TASK INSTRUCTIONS: Report only how many lines in the material contain "voltage".
______
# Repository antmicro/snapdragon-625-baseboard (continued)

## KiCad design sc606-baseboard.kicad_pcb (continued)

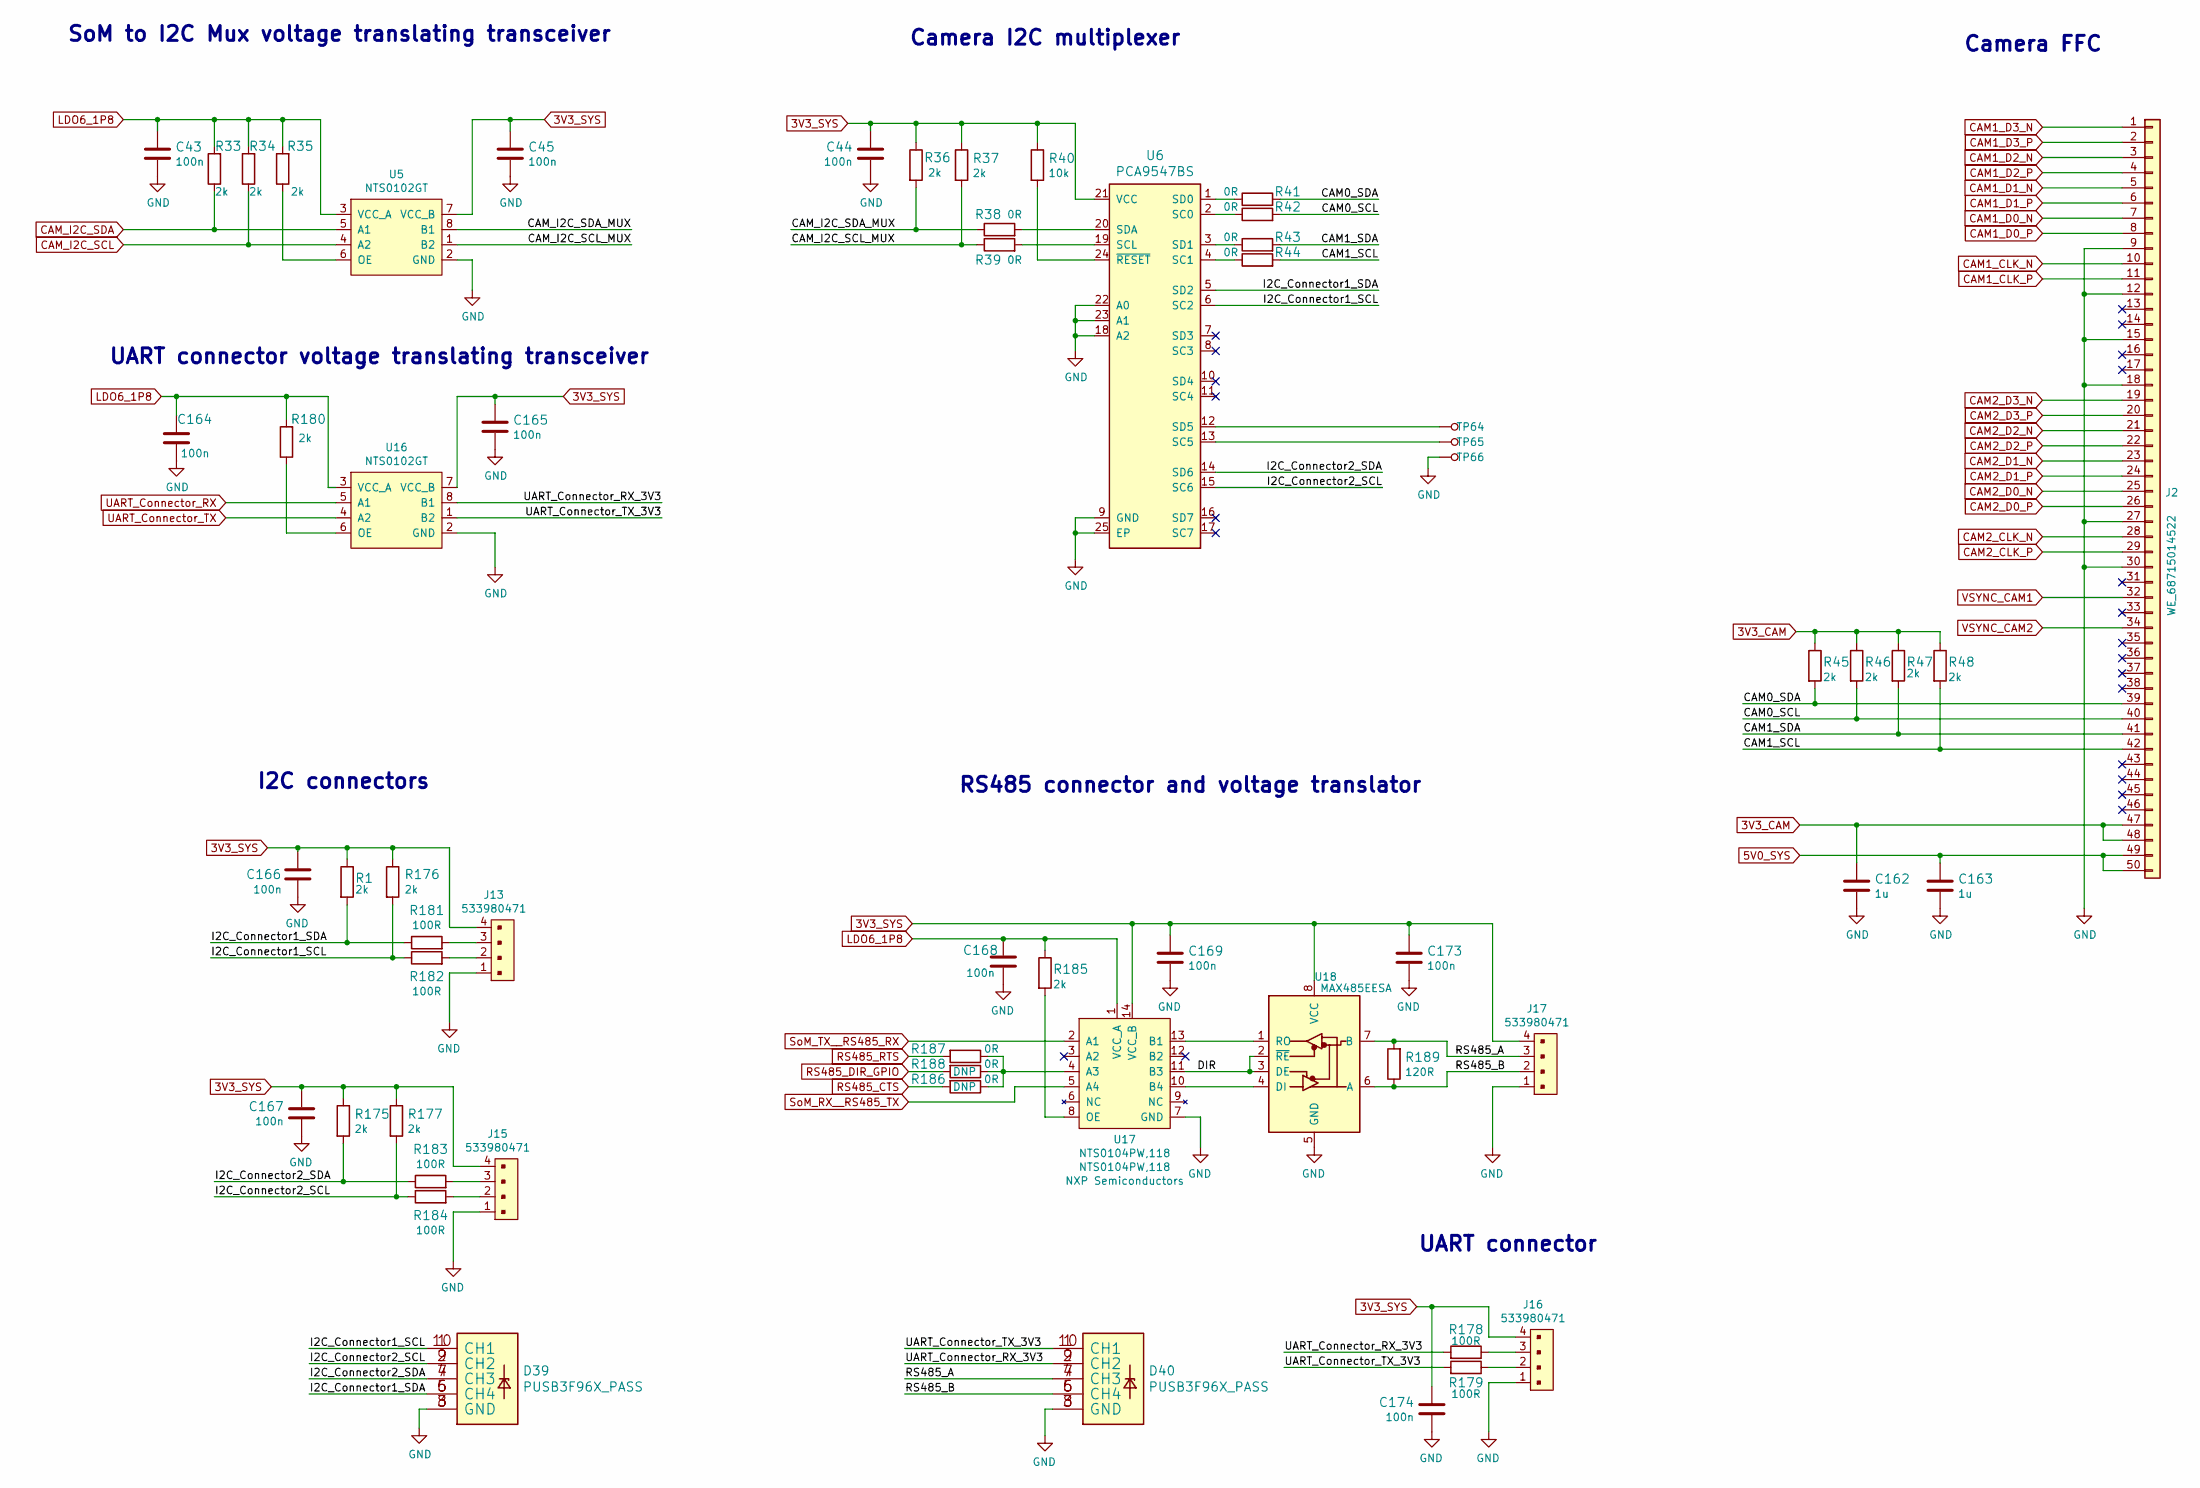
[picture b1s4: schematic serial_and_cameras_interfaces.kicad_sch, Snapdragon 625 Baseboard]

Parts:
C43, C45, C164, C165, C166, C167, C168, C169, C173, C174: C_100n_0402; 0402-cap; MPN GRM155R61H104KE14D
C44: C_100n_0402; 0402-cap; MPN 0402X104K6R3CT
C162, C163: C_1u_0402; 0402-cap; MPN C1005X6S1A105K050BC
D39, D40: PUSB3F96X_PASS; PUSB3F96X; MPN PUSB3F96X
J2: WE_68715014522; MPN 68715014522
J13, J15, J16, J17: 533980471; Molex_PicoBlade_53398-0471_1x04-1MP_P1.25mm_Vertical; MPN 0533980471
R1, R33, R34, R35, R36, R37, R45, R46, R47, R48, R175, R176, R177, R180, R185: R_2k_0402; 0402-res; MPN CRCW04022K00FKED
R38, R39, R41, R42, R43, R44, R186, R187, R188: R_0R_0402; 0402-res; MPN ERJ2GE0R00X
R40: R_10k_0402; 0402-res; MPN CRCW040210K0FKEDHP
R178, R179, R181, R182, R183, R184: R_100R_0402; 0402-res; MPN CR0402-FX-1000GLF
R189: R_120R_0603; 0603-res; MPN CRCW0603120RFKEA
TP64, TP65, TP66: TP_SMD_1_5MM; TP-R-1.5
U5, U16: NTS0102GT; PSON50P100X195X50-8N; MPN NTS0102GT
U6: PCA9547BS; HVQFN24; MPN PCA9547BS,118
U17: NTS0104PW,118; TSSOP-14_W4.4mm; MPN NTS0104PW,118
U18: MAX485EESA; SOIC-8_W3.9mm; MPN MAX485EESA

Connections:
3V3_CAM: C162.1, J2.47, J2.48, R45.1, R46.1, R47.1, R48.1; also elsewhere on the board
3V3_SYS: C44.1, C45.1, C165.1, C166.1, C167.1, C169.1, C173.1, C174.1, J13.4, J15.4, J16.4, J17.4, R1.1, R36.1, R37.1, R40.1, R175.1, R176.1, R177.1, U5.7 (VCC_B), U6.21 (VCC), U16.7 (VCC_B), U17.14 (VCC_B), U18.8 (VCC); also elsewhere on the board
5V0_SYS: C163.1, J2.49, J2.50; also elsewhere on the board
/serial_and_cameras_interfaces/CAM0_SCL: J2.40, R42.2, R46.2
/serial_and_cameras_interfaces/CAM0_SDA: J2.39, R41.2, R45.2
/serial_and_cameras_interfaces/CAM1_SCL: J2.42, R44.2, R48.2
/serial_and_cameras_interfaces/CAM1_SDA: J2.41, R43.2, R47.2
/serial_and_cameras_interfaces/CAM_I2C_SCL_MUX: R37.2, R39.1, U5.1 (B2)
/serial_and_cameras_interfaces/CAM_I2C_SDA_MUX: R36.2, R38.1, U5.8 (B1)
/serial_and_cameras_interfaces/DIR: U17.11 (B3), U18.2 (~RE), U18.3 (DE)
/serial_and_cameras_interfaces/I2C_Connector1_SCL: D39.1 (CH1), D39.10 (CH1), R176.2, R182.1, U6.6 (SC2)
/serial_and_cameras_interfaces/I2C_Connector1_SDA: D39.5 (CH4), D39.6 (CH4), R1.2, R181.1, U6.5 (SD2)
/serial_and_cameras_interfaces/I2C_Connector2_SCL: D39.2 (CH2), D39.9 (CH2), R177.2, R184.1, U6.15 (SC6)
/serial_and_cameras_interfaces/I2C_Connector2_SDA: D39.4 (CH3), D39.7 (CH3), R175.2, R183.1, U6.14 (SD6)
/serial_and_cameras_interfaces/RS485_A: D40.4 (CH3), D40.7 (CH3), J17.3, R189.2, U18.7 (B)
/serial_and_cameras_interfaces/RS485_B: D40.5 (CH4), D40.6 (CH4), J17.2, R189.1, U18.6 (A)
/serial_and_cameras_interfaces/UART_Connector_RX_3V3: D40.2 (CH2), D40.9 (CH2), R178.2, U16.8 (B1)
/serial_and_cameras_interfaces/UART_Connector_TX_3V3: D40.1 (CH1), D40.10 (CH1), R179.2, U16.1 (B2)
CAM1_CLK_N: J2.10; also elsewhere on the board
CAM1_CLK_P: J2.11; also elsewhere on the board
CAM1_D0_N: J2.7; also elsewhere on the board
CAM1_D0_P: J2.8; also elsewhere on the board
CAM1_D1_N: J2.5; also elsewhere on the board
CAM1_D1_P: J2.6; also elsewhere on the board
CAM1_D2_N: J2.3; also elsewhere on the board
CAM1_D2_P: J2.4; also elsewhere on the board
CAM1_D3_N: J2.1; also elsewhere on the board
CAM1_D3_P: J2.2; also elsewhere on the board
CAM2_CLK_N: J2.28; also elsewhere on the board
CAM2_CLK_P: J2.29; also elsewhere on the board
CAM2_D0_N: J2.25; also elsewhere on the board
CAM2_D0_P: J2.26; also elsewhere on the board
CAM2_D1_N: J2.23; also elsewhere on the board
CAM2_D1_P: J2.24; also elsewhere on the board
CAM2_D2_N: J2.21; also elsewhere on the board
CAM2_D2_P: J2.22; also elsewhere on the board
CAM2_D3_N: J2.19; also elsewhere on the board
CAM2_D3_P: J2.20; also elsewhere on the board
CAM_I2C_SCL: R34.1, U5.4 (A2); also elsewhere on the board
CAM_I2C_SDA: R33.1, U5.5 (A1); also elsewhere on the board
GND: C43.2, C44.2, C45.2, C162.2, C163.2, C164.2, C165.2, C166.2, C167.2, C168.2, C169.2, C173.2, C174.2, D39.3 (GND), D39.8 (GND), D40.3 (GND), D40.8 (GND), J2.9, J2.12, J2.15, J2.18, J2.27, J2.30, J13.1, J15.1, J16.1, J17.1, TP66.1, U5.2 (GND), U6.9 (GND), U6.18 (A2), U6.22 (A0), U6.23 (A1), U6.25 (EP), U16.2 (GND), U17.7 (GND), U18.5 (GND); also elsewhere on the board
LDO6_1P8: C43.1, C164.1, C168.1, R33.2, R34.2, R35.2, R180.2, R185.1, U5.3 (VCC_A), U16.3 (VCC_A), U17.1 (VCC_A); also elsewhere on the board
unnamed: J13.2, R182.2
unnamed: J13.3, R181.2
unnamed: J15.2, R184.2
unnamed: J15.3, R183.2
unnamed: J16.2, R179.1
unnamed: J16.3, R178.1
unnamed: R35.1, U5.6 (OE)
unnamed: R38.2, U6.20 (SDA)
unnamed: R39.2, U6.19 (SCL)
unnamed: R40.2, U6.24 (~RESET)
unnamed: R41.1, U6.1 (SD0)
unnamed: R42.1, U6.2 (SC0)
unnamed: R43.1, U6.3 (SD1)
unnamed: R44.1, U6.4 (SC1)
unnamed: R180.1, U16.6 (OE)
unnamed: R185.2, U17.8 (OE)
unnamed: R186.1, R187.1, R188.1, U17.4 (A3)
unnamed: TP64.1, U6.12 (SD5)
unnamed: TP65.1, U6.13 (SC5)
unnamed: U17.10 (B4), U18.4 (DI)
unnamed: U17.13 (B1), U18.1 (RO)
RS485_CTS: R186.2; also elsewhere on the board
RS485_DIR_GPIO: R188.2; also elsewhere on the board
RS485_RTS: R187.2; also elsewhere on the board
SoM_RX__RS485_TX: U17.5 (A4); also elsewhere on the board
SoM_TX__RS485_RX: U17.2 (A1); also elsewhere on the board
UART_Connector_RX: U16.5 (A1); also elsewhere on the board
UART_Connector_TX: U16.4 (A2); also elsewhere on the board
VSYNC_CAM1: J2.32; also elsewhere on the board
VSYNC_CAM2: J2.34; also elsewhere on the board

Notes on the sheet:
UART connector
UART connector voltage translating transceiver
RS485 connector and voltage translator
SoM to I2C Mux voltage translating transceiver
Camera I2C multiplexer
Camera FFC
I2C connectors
______
SOLUTION: 3